Imagine the ancient Israelites coming to worship in the Temple. Imagine one of them saying, “Well, that whole business of sacrificing and cymbals clashing and whatever just doesn’t do it for me. I’d really rather focus on God by pruning my vines.” Many may have thought and done just that, but that isn’t the way the faith was sustained or transmitted.

In the Old Testament, David appointed an entire subsection of Levites to “the service of song”: “They ministered with song before the tabernacle of the tent of meeting, until Solomon had built the house of the Lord in Jerusalem; and they performed their service in due order” (1 Chr. 5.32). One of those so appointed was Asaph, probably the author of Psalms 50, 73-83, and the forefather of many who also served as servant-poet-musicians. In 2 Chronicles 29.30, he is called a “seer.” The name means “collector” or “convener.”

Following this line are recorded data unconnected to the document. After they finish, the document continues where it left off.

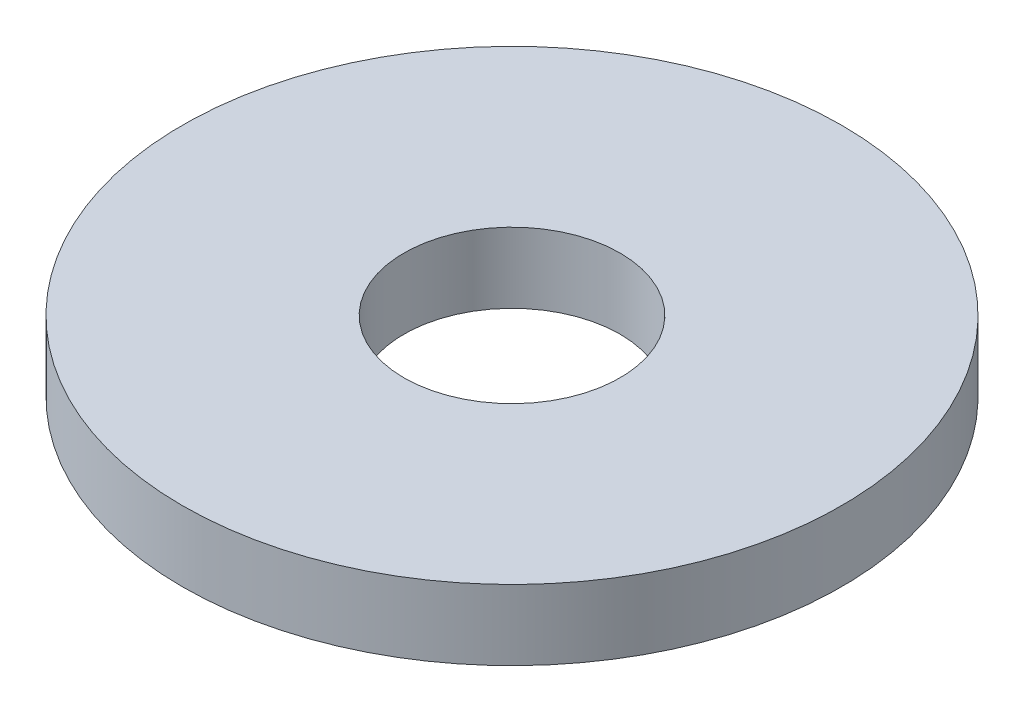
ISO-10303-21;
HEADER;
FILE_DESCRIPTION(('STEP AP214'),'2;1');
FILE_NAME('part.step','',(''),(''),'','','');
FILE_SCHEMA(('AUTOMOTIVE_DESIGN { 1 0 10303 214 1 1 1 1 }'));
ENDSEC;
DATA;
#1=APPLICATION_CONTEXT('core data for automotive mechanical design processes');
#2=APPLICATION_PROTOCOL_DEFINITION('international standard','automotive_design',2000,#1);
#3=PRODUCT_CONTEXT('',#1,'mechanical');
#4=PRODUCT('Part','Part','',(#3));
#5=PRODUCT_RELATED_PRODUCT_CATEGORY('part','',(#4));
#6=PRODUCT_DEFINITION_FORMATION('','',#4);
#7=PRODUCT_DEFINITION_CONTEXT('part definition',#1,'design');
#8=PRODUCT_DEFINITION('design','',#6,#7);
#9=PRODUCT_DEFINITION_SHAPE('','',#8);
#10=(LENGTH_UNIT() NAMED_UNIT(*) SI_UNIT(.MILLI.,.METRE.));
#11=(NAMED_UNIT(*) PLANE_ANGLE_UNIT() SI_UNIT($,.RADIAN.));
#12=(NAMED_UNIT(*) SI_UNIT($,.STERADIAN.) SOLID_ANGLE_UNIT());
#13=UNCERTAINTY_MEASURE_WITH_UNIT(LENGTH_MEASURE(1.E-05),#10,'distance_accuracy_value','');
#14=(GEOMETRIC_REPRESENTATION_CONTEXT(3) GLOBAL_UNCERTAINTY_ASSIGNED_CONTEXT((#13)) GLOBAL_UNIT_ASSIGNED_CONTEXT((#10,
#11,#12)) REPRESENTATION_CONTEXT('',''));
#15=CARTESIAN_POINT('',(0.,0.,0.));
#16=DIRECTION('',(0.,0.,1.));
#17=DIRECTION('',(1.,0.,0.));
#18=AXIS2_PLACEMENT_3D('',#15,#16,#17);
#19=CARTESIAN_POINT('',(0.,1.,0.));
#20=DIRECTION('',(0.,1.,0.));
#21=DIRECTION('',(0.,0.,-1.));
#22=AXIS2_PLACEMENT_3D('',#19,#20,#21);
#23=PLANE('',#22);
#24=CARTESIAN_POINT('',(0.,1.,0.));
#25=DIRECTION('',(0.,-1.,0.));
#26=DIRECTION('',(0.,0.,-1.));
#27=AXIS2_PLACEMENT_3D('',#24,#25,#26);
#28=CIRCLE('',#27,9.375);
#29=CARTESIAN_POINT('',(0.,1.,-9.375));
#30=VERTEX_POINT('',#29);
#31=EDGE_CURVE('E10',#30,#30,#28,.T.);
#32=ORIENTED_EDGE('',*,*,#31,.F.);
#33=EDGE_LOOP('',(#32));
#34=FACE_BOUND('',#33,.T.);
#35=CARTESIAN_POINT('',(0.,1.,0.));
#36=DIRECTION('',(0.,-1.,0.));
#37=DIRECTION('',(0.,0.,-1.));
#38=AXIS2_PLACEMENT_3D('',#35,#36,#37);
#39=CIRCLE('',#38,3.075);
#40=CARTESIAN_POINT('',(0.,1.,-3.075));
#41=VERTEX_POINT('',#40);
#42=EDGE_CURVE('E44',#41,#41,#39,.T.);
#43=ORIENTED_EDGE('',*,*,#42,.T.);
#44=EDGE_LOOP('',(#43));
#45=FACE_BOUND('',#44,.T.);
#46=ADVANCED_FACE('F33',(#34,#45),#23,.T.);
#47=CARTESIAN_POINT('',(0.,-1.,0.));
#48=DIRECTION('',(0.,1.,0.));
#49=DIRECTION('',(0.,0.,-1.));
#50=AXIS2_PLACEMENT_3D('',#47,#48,#49);
#51=PLANE('',#50);
#52=CARTESIAN_POINT('',(0.,-1.,0.));
#53=DIRECTION('',(0.,-1.,0.));
#54=DIRECTION('',(0.,0.,-1.));
#55=AXIS2_PLACEMENT_3D('',#52,#53,#54);
#56=CIRCLE('',#55,9.375);
#57=CARTESIAN_POINT('',(0.,-1.,-9.375));
#58=VERTEX_POINT('',#57);
#59=EDGE_CURVE('E37',#58,#58,#56,.T.);
#60=ORIENTED_EDGE('',*,*,#59,.T.);
#61=EDGE_LOOP('',(#60));
#62=FACE_BOUND('',#61,.T.);
#63=CARTESIAN_POINT('',(0.,-1.,0.));
#64=DIRECTION('',(0.,-1.,0.));
#65=DIRECTION('',(0.,0.,-1.));
#66=AXIS2_PLACEMENT_3D('',#63,#64,#65);
#67=CIRCLE('',#66,3.075);
#68=CARTESIAN_POINT('',(0.,-1.,-3.075));
#69=VERTEX_POINT('',#68);
#70=EDGE_CURVE('E46',#69,#69,#67,.T.);
#71=ORIENTED_EDGE('',*,*,#70,.F.);
#72=EDGE_LOOP('',(#71));
#73=FACE_BOUND('',#72,.T.);
#74=ADVANCED_FACE('F59',(#62,#73),#51,.F.);
#75=CARTESIAN_POINT('',(0.,1.,0.));
#76=DIRECTION('',(0.,-1.,0.));
#77=DIRECTION('',(0.,0.,1.));
#78=AXIS2_PLACEMENT_3D('',#75,#76,#77);
#79=CYLINDRICAL_SURFACE('',#78,9.375);
#80=ORIENTED_EDGE('',*,*,#31,.T.);
#81=EDGE_LOOP('',(#80));
#82=FACE_BOUND('',#81,.T.);
#83=ORIENTED_EDGE('',*,*,#59,.F.);
#84=EDGE_LOOP('',(#83));
#85=FACE_BOUND('',#84,.T.);
#86=ADVANCED_FACE('F35',(#82,#85),#79,.T.);
#87=CARTESIAN_POINT('',(0.,1.,0.));
#88=DIRECTION('',(0.,-1.,0.));
#89=DIRECTION('',(0.,0.,1.));
#90=AXIS2_PLACEMENT_3D('',#87,#88,#89);
#91=CYLINDRICAL_SURFACE('',#90,3.075);
#92=ORIENTED_EDGE('',*,*,#42,.F.);
#93=EDGE_LOOP('',(#92));
#94=FACE_BOUND('',#93,.T.);
#95=ORIENTED_EDGE('',*,*,#70,.T.);
#96=EDGE_LOOP('',(#95));
#97=FACE_BOUND('',#96,.T.);
#98=ADVANCED_FACE('F53',(#94,#97),#91,.F.);
#99=CLOSED_SHELL('',(#46,#74,#86,#98));
#100=MANIFOLD_SOLID_BREP('B2',#99);
#101=ADVANCED_BREP_SHAPE_REPRESENTATION('',(#18,#100),#14);
#102=SHAPE_DEFINITION_REPRESENTATION(#9,#101);
ENDSEC;
END-ISO-10303-21;

Perhaps this is one of our best clues to the real role of music in the “historical arc” of Christian tradition. Not emotion; not professional recognition; not performance; but collecting, convening. Music collects us, it gives us one voice, it unites us as the Body that we are and gives us the ability to speak with one voice of praise. We speak to one another in the fullness of the Spirit “as we sing psalms and hymns and spiritual songs” (Eph. 5.19). “Let the message of Christ dwell among you richly as you teach and admonish one another with all wisdom through psalms, hymns, and songs from the Spirit, singing to God with gratitude in your hearts” (Col. 3.16). Are these not powerful rhythms? And have they not carried faith, taught faith, encouraged faith, recollected faith for twenty centuries?

[An aside: If you wish to listen to the oldest known Christian hymn for which we have both lyrics and notation, listen to the Oxyrhynchus Hymn. It dates to the 3rd century.)

In most ancient understandings of hymns, the idea behind them was the inner embrace and celebration of Christian truth; they are rich teaching tools that draw us together into the harmony of the Blessed Trinity. We probably won’t have preachers in heaven, but we most certainly will be singing. Music penetrates us at levels that words alone may not; it finds the nooks and crannies of our lives and seeps in, kindling desire, hallowing inner space, creating unforeseen connections to Christ and to one another. (Miller should be glad… after all, they’re not lectures!)

Miller is not dismissing music, as though he were some philistine who has no appreciation for the finer points of culture. But he is implicitly articulating the ways we have all weakened the role of music in our assemblies. For him, the whole business of singing just didn’t grab him, and though he enjoyed the “most talented worship team” he’d ever heard, it didn’t help him connect with God. He both put too much weight on music—expecting a visceral/spiritual wow!—and not enough—losing sight of its ability to collect him, gather him into the community.